Был он грузен, одутловат лицом и, невзирая на прошедшее лето, белолиц и белотел. Может, оттого, что ходил в любую жару в изрядно поношенных форменных рубашке и штанах. Но если в будние дни такая одежда особого авторитета ему не придавала (намозолила глаза), то парадный морской китель с наутюженными новыми штанами и рядами боевых орденов и медалей, погоны и, главное, кортик, составляющие атрибуты праздничного парадного вида, впечатляли и давали сплавникам веское основание, даже несмотря на трудовые дела (которые, кстати, были неплохими), гордиться своим предприятием. На майских и ноябрьских демонстрациях Гордеев неизменно шагал в самых первых рядах вместе с руководителями города и иными героями фронта и тыла и был единственным моряком в этом сухопутном городе. Прислали его сюда для организации сплавной конторы три года назад из Ленинграда, где он прожил всю свою бессознательную и сознательную жизнь, и воевал он где-то там же (или в северных водах) – был командиром боевого катера. В Ленинграде и теперь жили его жена и две дочери, они приезжали сюда на летние месяцы, как на дачу, все трое целыми днями вылеживали на берегу, и всех троих, ослепительно белых, казалось, солнце не брало; дочери были уже взрослые, широкобедрые и рыжие, жена – объемная, но с роскошными каштановыми волосами, падающими почти до пояса.
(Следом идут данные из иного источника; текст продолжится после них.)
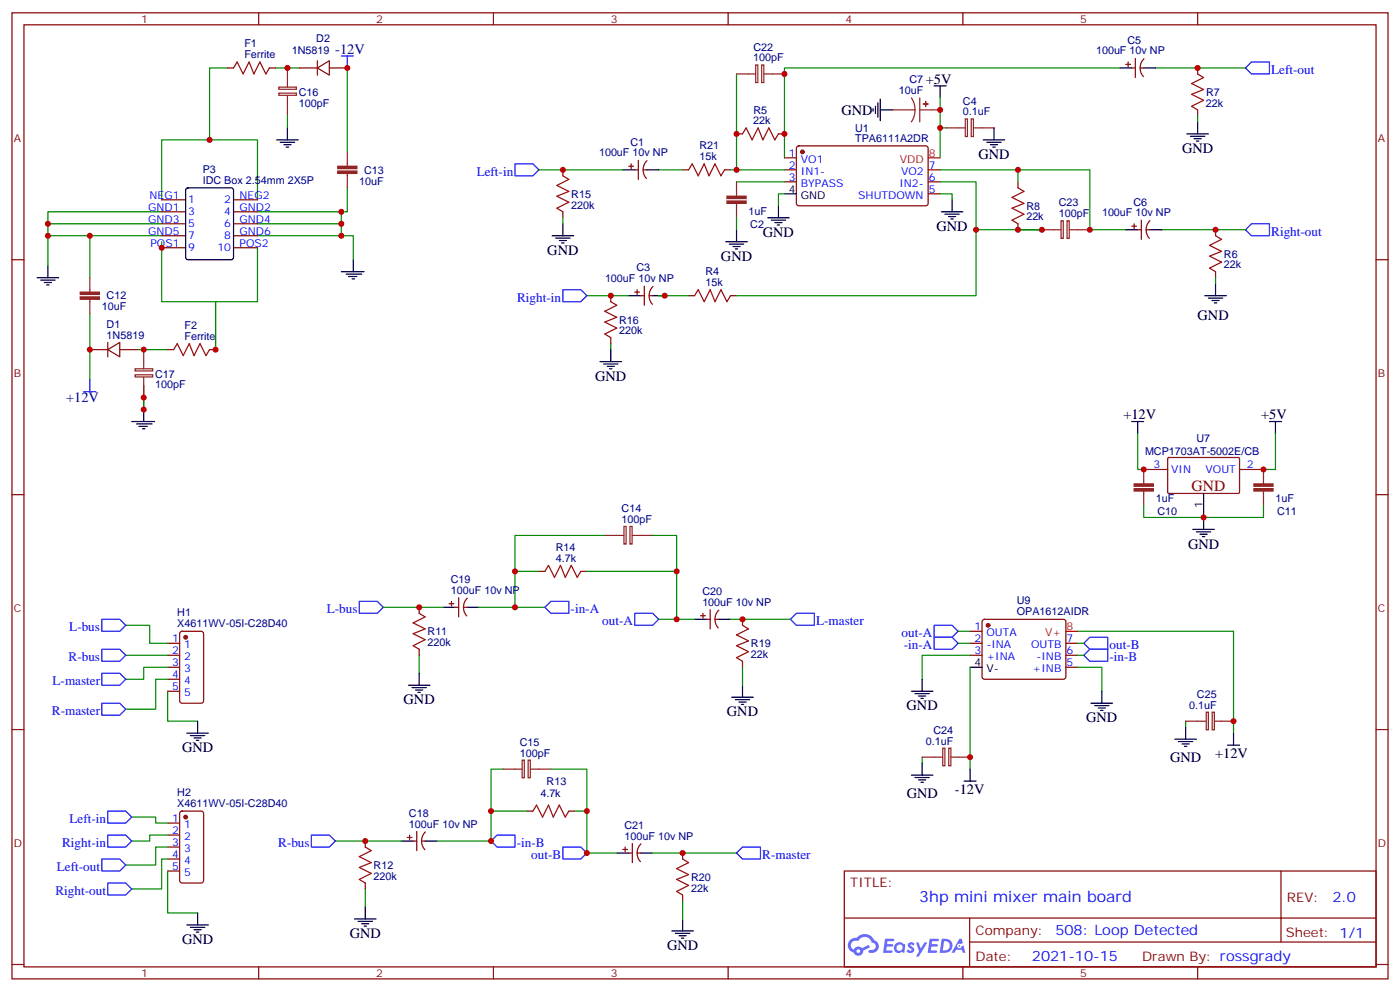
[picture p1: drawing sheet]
<svg xmlns="http://www.w3.org/2000/svg" width="412mm" height="292mm" viewBox="0 0 412 292" stroke-linecap="round" stroke-linejoin="round" font-family="sans-serif">
<g fill="none" stroke="#870000" stroke-width=".35">
<path d="M3.5 3.8h405.4v284.3h-405.4zM7.1 7.3h398.2v277.3h-398.2zM76.2 3.8v3.5M145.3 3.8v3.5M214.5 3.8v3.5M283.6 3.8v3.5M352.8 3.8v3.5M3.5 76.4h3.6M405.3 76.4h3.6M3.5 145.6h3.6M405.3 145.6h3.6M3.5 214.7h3.6"/>
<path d="M405.3 214.7h3.6M248.7 256.4h156.6v28.2h-156.6zM377.3 256.4v20.9M248.7 270.2h156.5M285.6 277.3h119.6M285.6 270.2v14.1M3.5 283.9h3.6M76.2 284.6v3.5M145.3 284.6v3.5M214.5 284.6v3.5M283.6 284.6v3.5M352.8 284.6v3.5"/>
<path d="M405.3 283.9h3.6"/>
</g>
<g fill="#5487ff">
<path d="M267.7 277.5a1.22 1.22 0 0 1 1.7 .3l-.4 .6a.47 .47 0 0 0-.3-.4 .47 .47 0 0 0-.5 .2l.1 .2a1.14 1.14 0 0 1 .8 1.7 1.14 1.14 0 0 1-1.9 0l-.2-.2 .5-.5 .7 .4a.29 .29 0 0 0 .3-.2 .29 .29 0 0 0-.2-.4 1.04 1.04 0 0 1-.6-1.7z"/>
<path d="M260.7 276.3h2.4l.3 .2-.2 .5h-1.8l-.1 .9h1.5l.3 .4-.3 .3h-1.6l-.2 1.1 1.7 .1 .2 .3-.2 .3h-2.6z"/>
<path d="M273.8 276.3h2.4l.3 .2-.1 .5h-1.8l-.2 .9h1.6l.3 .4-.4 .3h-1.6l-.1 1.1 1.7 .1 .2 .3-.2 .3h-2.6z"/>
<path d="M282.6 276.3h.7l.3 1.2-.6 .4a.69 .69 0 0 0-1 .2 .69 .69 0 0 0 .4 1 .69 .69 0 0 0 .9-.6l.5-.3 .6 2.2h-.8l-.2-.8h-1.8l-.5 .8h-.8z"/>
<path d="M269.8 277.4h.8l.6 1.8 1.1-1.8h.9l-2.6 4.2h-.8l.9-1.6z"/>
<path d="M277.4 276.3l-.6 4.1h1.3a2.11 2.11 0 0 0 2.5-2.1 2.11 2.11 0 0 0-2.5-2zM278.1 277a1.39 1.39 0 0 1 1.7 1.4 1.39 1.39 0 0 1-1.8 1.3h-.3z"/>
<path d="M263.7 277.9a1.54 1.54 0 0 0-.1 2.2 1.54 1.54 0 0 0 2.2 .1l.6 .2 .3-2.3-.2-.2h-.4a1.49 1.49 0 0 0-2.4 0zM264 278.9a.94 .94 0 0 1 1.8 0 .94 .94 0 0 1-1.8 0z"/>
<path d="M250.4 276.7a2.18 2.18 0 0 0 1.1 3.7 1.44 1.44 0 0 0 1.6 .9 1.44 1.44 0 0 0 1.2-1.5l2-1-.5-.7-1.9 .9a1.47 1.47 0 0 0-2.4 .5 1.39 1.39 0 0 1-.7-2 1.39 1.39 0 0 1 2-.4 2.12 2.12 0 0 1 2.2-1.3 2.12 2.12 0 0 1 1.9 1.7 1.14 1.14 0 0 1 1.1 1.4 1.14 1.14 0 0 1-1.7 .7 .43 .43 0 0 0-.5 .4 .43 .43 0 0 0 .4 .5 1.98 1.98 0 0 0 2.5-1.3 1.98 1.98 0 0 0-1.2-2.5 3.1 3.1 0 0 0-5.3-.7l-.9 .1zM252.3 280a.55 .55 0 0 1 1.1 0 .55 .55 0 0 1-1.1 0z"/>
<circle cx="282.6" cy="278.4" r=".26"/>
</g>
<g fill="none" stroke="#870000" stroke-width=".35">
<path d="M93.5 17.9v4.2M331.6 18.9h1.4M332.3 18.2v1.4M334.4 17.2v5.6M337 17.3a3.8 3.8 0 0 0-.2 5.2M67 20h1.8M79.4 20h1.7M88.2 20h5.3M93.5 20l3.5-2.1v4.2zM97 20h5.3M217 39.4h1.7M229.3 39.4h1.8"/>
<path d="M333.4 20h1M335.8 20h1.1M352.8 20v1.8M352.8 32.3v1.8M47.6 58.8h7.1M68.8 58.8h7M165.8 50v1.8M185.2 48.9h1.4M185.9 48.2v1.4M187 50h1M188 47.2v5.6M189.4 50h1.1"/>
<path d="M190.6 47.3a3.8 3.8 0 0 0-.2 5.2M201.1 50h1.7M213.4 50h1.8M231.1 46.5h3.5M231.1 50h3.5M231.1 53.5h3.5M234.8 43.1l.5-.2 37.7 .1 .4 .6-.1 16.5-.6 .5-37.7-.1-.4-.6v-16.3zM273.4 50h3.5M273.4 53.5h3.5M273.4 57h3.5M299.9 53.5v1.8M47.6 62.3h7.1"/>
<path d="M47.6 65.9h7.1M47.6 69.4h7.1M47.6 72.9h7.1M68.8 62.3h7M68.8 65.9h7M68.8 69.4h7M68.8 72.9h7M165.8 62.3v1.8M299.9 65.9v1.7M333.4 66.6h1.4M334.1 65.9v1.4M335.1 67.6h1.1"/>
<path d="M336.2 64.8v5.6M337.6 67.6h1.1M338.7 64.9a3.8 3.8 0 0 0-.1 5.3M358.1 67.6v1.8M358.1 80v1.7M179.9 87v1.8M179.9 99.4v1.7M187 86h1.4M187.7 85.3v1.4M188.7 87h1.1M189.8 84.2v5.7M191.2 87h1.1"/>
<path d="M192.3 84.3a3.8 3.8 0 0 0-.1 5.3M202.8 87h1.8M215.2 87h1.8M26.5 102.9h5.2M31.7 102.9l3.6-2.1v4.2zM31.7 100.8v4.2M35.3 102.9h5.3M49.4 102.9h1.8M61.7 102.9h1.8M336.9 138.2h7.1M344 134.8l.3-.1h20.7l.1 .3v10.1l-.3 .1h-20.7l-.1-.3zM365.1 138.2h7.1"/>
<path d="M123.5 178.8v1.7M132.3 177.7h1.4M133 177v1.4M134.1 178.8h1M135.1 175.9v5.7M136.5 178.8h1.1M137.7 176a3.8 3.8 0 0 0-.2 5.3M158.7 168.2h1.8M171.1 168.2h1.8M209.2 179.5v5.6M211.7 179.6a3.8 3.8 0 0 0-.1 5.2M49.4 189.3h3.5"/>
<path d="M49.4 192.9h3.5M49.4 196.4h3.5M49.4 199.9h3.5M53.2 186l.4-.2h5.7l.6 .4 .1 20.1-.5 .6-5.9 .1-.6-.5-.1-20zM123.5 191.1v1.8M206.4 181.2h1.4M207.1 180.5v1.4M208.1 182.3h1.1M210.6 182.3h1.1M218.7 182.3v1.7M218.7 194.6v1.8M285.8 189.3h3.5"/>
<path d="M285.8 192.9h3.5M285.8 185.8h3.5M289.5 182.5l.5-.2h23.3l.5 .2 .2 .5-.1 16.5-.6 .4h-23.6l-.4-.7v-16.2zM314 189.3h3.5M314 192.9h3.5M314 196.4h3.5M49.4 203.4h3.5M53.2 238.9l.4-.2h5.7l.6 .5 .1 20-.5 .6-5.9 .1-.6-.5-.1-20zM155.2 238.7h1.8M167.6 238.7h1.7M49.4 242.3h3.5M49.4 245.8h3.5"/>
<path d="M49.4 249.3h3.5M49.4 252.8h3.5M49.4 256.4h3.5M107.6 247.5v1.8M107.6 259.9v1.8M119.9 246.5h1.5M120.6 245.8v1.4M121.7 247.5h1.1M122.8 244.7v5.7M124.2 247.5h1M125.3 244.8a3.8 3.8 0 0 0-.2 5.3M183.4 250h1.5"/>
<path d="M184.1 249.3v1.4M185.2 251.1h1.1M186.3 248.2v5.7M187.7 251.1h1M188.8 248.4a3.8 3.8 0 0 0-.2 5.2M201.1 251.1v1.7M201.1 263.4v1.8"/>
</g>
<g fill="#870000" stroke="#870000" stroke-width=".35">
<circle cx="236.4" cy="44.7" r=".53"/>
<circle cx="54.7" cy="240.5" r=".53"/>
<circle cx="54.7" cy="187.6" r=".53"/>
<circle cx="291" cy="184" r=".53"/>
</g>
<g fill="none" stroke="#000" stroke-width=".35">
<path d="M84.7 37.6v3.6M257.2 32v.7M257.9 31.3v2.1M258.6 30.2v4.3M259.3 32.3h3.5M259.3 29.2v6.3M275.2 25.3h3.5M276.9 25.3v3.5M292.8 37.6v3.6M329.8 20h3.6M336.9 20h3.5M349.6 39.4h6.4"/>
<path d="M352.8 35.9v3.5M54.9 55.5l.5-.2h12.7l.6 .4 .1 20-.5 .7h-12.9l-.7-.4v-20zM81.5 41.2h6.3M82.5 41.9h4.3M83.6 42.6h2.1M84.3 43.3h.7M183.4 50h3.6M190.5 50h3.5M231.1 57h3.5M280.5 58.8v3.5M289.6 41.2h6.4M290.7 41.9h4.2"/>
<path d="M291.7 42.6h2.2M292.5 43.3h.7M350.7 40.1h4.2M351.7 40.8h2.1M352.4 41.5h.7M14.1 78.2v3.5M100.5 80h6.7M104.1 76.4v3.6M162.6 69.4h6.4M163.7 70.1h4.2M164.7 70.8h2.2M165.5 71.5h.7"/>
<path d="M165.8 65.9v3.5M213.8 71.2h6.3M214.8 71.9h4.3M215.9 72.6h2.1M216.6 73.3h.7M217 67.6v3.6M226.1 64.1h6.4M227.2 64.8h4.2M228.2 65.5h2.2M229 66.2h.7M229.3 60.6v3.5M277.3 62.3h6.3"/>
<path d="M278.3 63h4.3M279.4 63.7h2.1M280.1 64.5h.7M331.6 67.6h3.5M338.7 67.6h3.5M10.9 81.7h6.4M12 82.4h4.2M13.1 83.1h2.1M13.8 83.9h.7M102 80.7h4.5M102.7 81.4h2.4M103.7 82.1h.7"/>
<path d="M185.2 87h3.5M192.3 87h3.5M354.9 87h6.3M356 87.7h4.2M357 88.4h2.1M357.7 89.1h.7M358.1 83.5v3.5M176.7 106.4h6.4M177.8 107.1h4.2M178.9 107.8h2.1M179.6 108.5h.7M179.9 102.9v3.5"/>
<path d="M38.8 124.1h6.7M40.2 124.8h4.6M40.9 125.5h2.5M42 126.2h.7M42.3 120.5v3.6M333.4 124.1h3.5M335.1 124.1v3.5M373.9 124.1h3.6M375.7 124.1v3.5M351.4 155.8h6.3M352.4 156.5h4.3M353.5 157.2h2.1"/>
<path d="M354.2 157.9h.7M354.5 145.2v10.6M130.5 178.8h3.6M137.6 178.8h3.5M123.5 198.2v3.5M204.6 182.3h3.5M211.7 182.3h3.5M271.6 199.9v3.5M285.8 196.4h3.5M55 215.8h6.4M56.1 216.5h4.2M57.1 217.2h2.2"/>
<path d="M57.9 217.9h.7M58.2 212.3v3.5M120.3 201.7h6.3M121.4 202.4h4.2M122.4 203.1h2.1M123.1 203.8h.7M215.5 205.2h6.4M216.6 205.9h4.2M217.7 206.6h2.1M218.4 207.3h.7M218.7 201.7v3.5M268.5 203.4h6.3"/>
<path d="M269.5 204.2h4.3M270.6 204.9h2.1M271.3 205.6h.7M321.4 207h6.3M322.4 207.7h4.3M323.5 208.4h2.1M324.2 209.1h.7M324.6 203.4v3.6M346.1 217.6h6.3M347.1 218.3h4.3M348.2 219h2.1M348.9 219.7h.7"/>
<path d="M349.2 214v3.6M361.6 219.3h3.5M363.4 215.8v3.5M268.5 228.1h6.3M269.5 228.8h4.3M270.6 229.6h2.1M271.3 230.3h.7M271.6 224.6v3.5M284 229.9h3.5M285.8 226.4v3.5M118.2 247.5h3.5M125.2 247.5h3.6"/>
<path d="M181.7 251.1h3.5M188.7 251.1h3.6M55 272.2h6.4M56.1 272.9h4.2M57.1 273.6h2.2M57.9 274.4h.7M58.2 268.7v3.5M104.4 270.5h6.4M105.5 271.2h4.2M106.5 271.9h2.2M107.2 272.6h.7M107.6 266.9v3.6"/>
<path d="M197.9 274h6.4M199 274.7h4.2M200 275.4h2.1M200.7 276.1h.7M201.1 270.5v3.5"/>
</g>
<path d="M273.4 46.5h3.5M314 185.8h3.5" fill="none" stroke="#f00" stroke-width=".35"/>
<g fill="none" stroke="#a10000" stroke-width=".35">
<path d="M68.8 20l1-1.8 1.8 3.6 1.8-3.6 1.4 3.6 1.8-3.6 1.7 3.6 1.1-1.8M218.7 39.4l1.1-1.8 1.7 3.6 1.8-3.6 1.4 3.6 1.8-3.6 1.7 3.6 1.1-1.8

Они загорали обычно на территории сплавной, расстелив на расчищенное рабочими от камней место старое суконное одеяло, и мастеровые из ремонтных цехов, перекуривая, рядком высаживались на косогоре, сверху изучая городские тела и отмечая, что в молодости женка директора была, похоже, жгучей девкой, оттого, видать, он такой пришибленный и ходит.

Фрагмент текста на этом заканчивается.